• REQUIRED WORK
Where a picture appears, leave it out; copy everything else in the records exactly.

+ + +

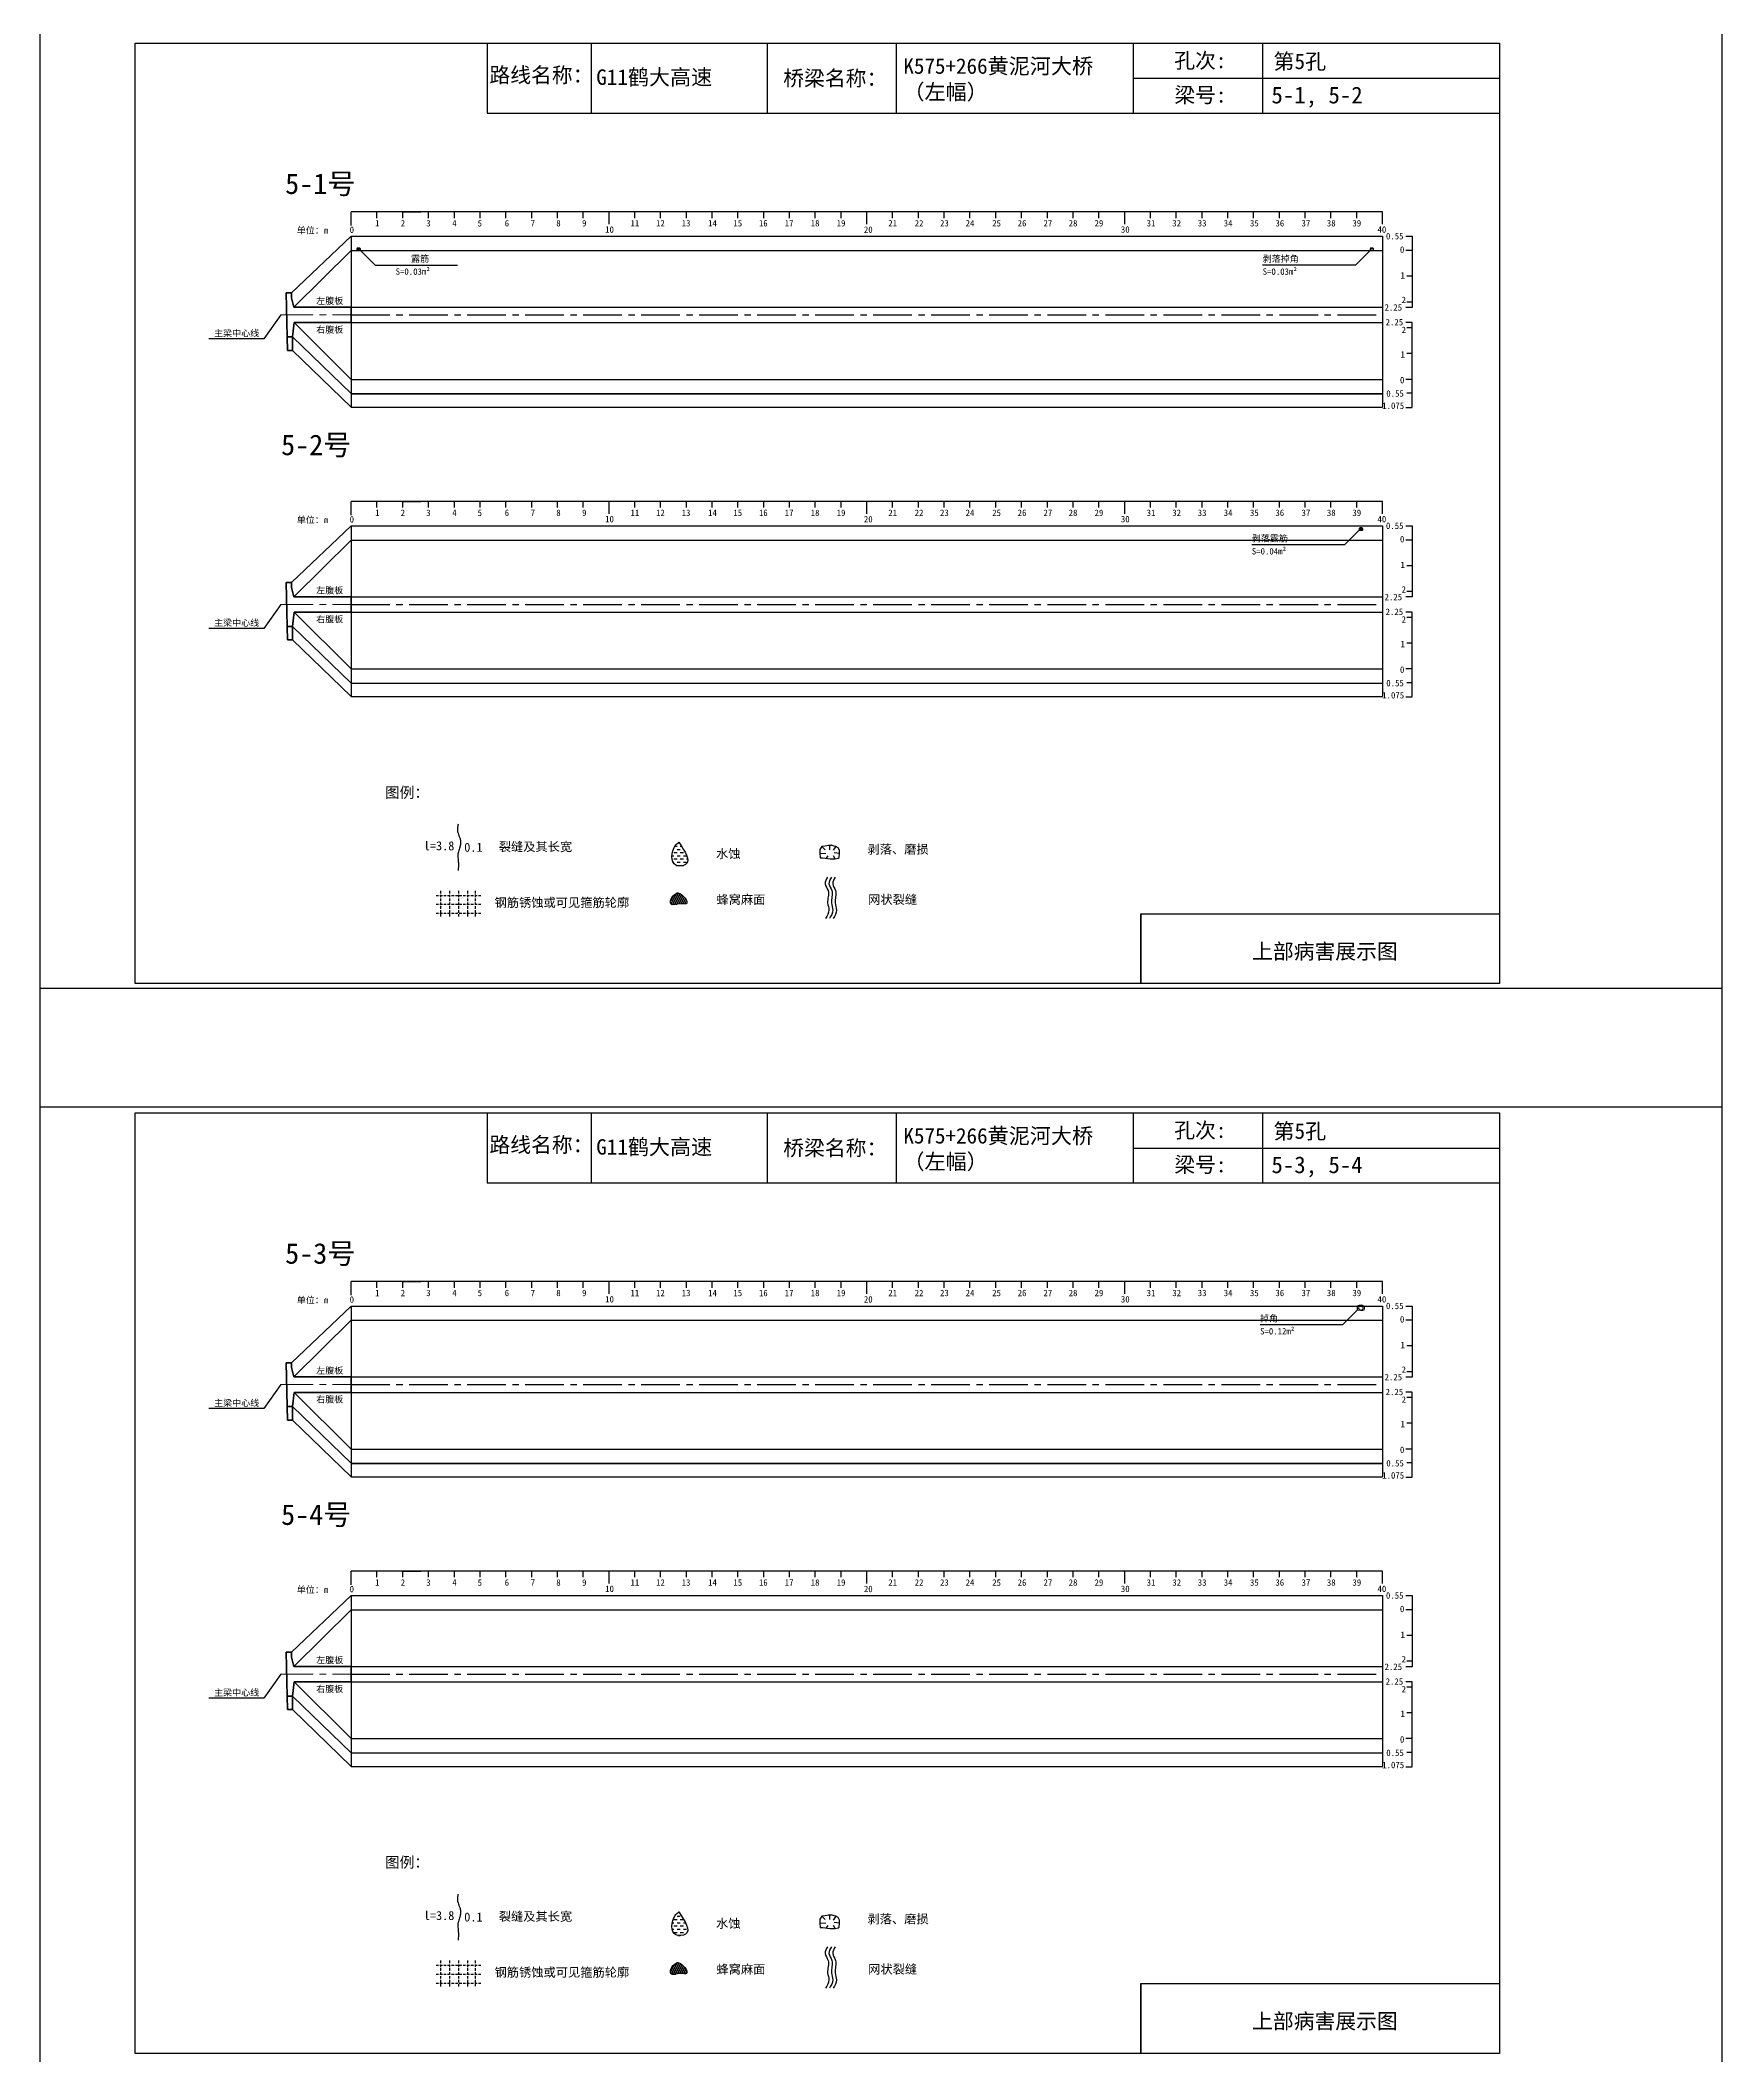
# Model space of a CAD drawing. Header units: millimetres. Extents: x -37 to 615, y -7153 to 23.
# Drawn here: x -37 to 615, y -4201 to -3419 of the extents above; entities that cross this region are included whole.
import ezdxf

# ---------------------------------------------------------------- set-up
doc = ezdxf.new("R2010")
doc.units = ezdxf.units.MM
for name, pattern in [('CENTER', [2, 1.25, -0.25, 0.25, -0.25]), ('CENTER2', [1.125, 0.75, -0.125, 0.125, -0.125]), ('DASHED', [0.75, 0.5, -0.25])]:
    doc.linetypes.add(name, pattern=pattern)
for name, color, linetype in [('加固措施', 7, 'Continuous'), ('图层1', 7, 'Continuous'), ('病害', 5, 'Continuous'), ('轮廓', 3, 'Continuous')]:
    doc.layers.add(name, color=color, linetype=linetype)
doc.layers.add('虚线', color=7, linetype='Continuous', lineweight=30)
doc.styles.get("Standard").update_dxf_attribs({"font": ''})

+ + +

• COMPLETED TASK
# Model space of a CAD drawing. Header units: millimetres. Extents: x -37 to 615, y -7153 to 23.
# Drawn here: x -37 to 615, y -4201 to -3419 of the extents above; entities that cross this region are included whole.
import ezdxf

# ---------------------------------------------------------------- set-up
doc = ezdxf.new("R2010")
doc.units = ezdxf.units.MM
for name, pattern in [('CENTER', [2, 1.25, -0.25, 0.25, -0.25]), ('CENTER2', [1.125, 0.75, -0.125, 0.125, -0.125]), ('DASHED', [0.75, 0.5, -0.25])]:
    doc.linetypes.add(name, pattern=pattern)
for name, color, linetype in [('加固措施', 7, 'Continuous'), ('图层1', 7, 'Continuous'), ('病害', 5, 'Continuous'), ('轮廓', 3, 'Continuous')]:
    doc.layers.add(name, color=color, linetype=linetype)
doc.layers.add('虚线', color=7, linetype='Continuous', lineweight=30)
doc.styles.get("Standard").update_dxf_attribs({"font": ''})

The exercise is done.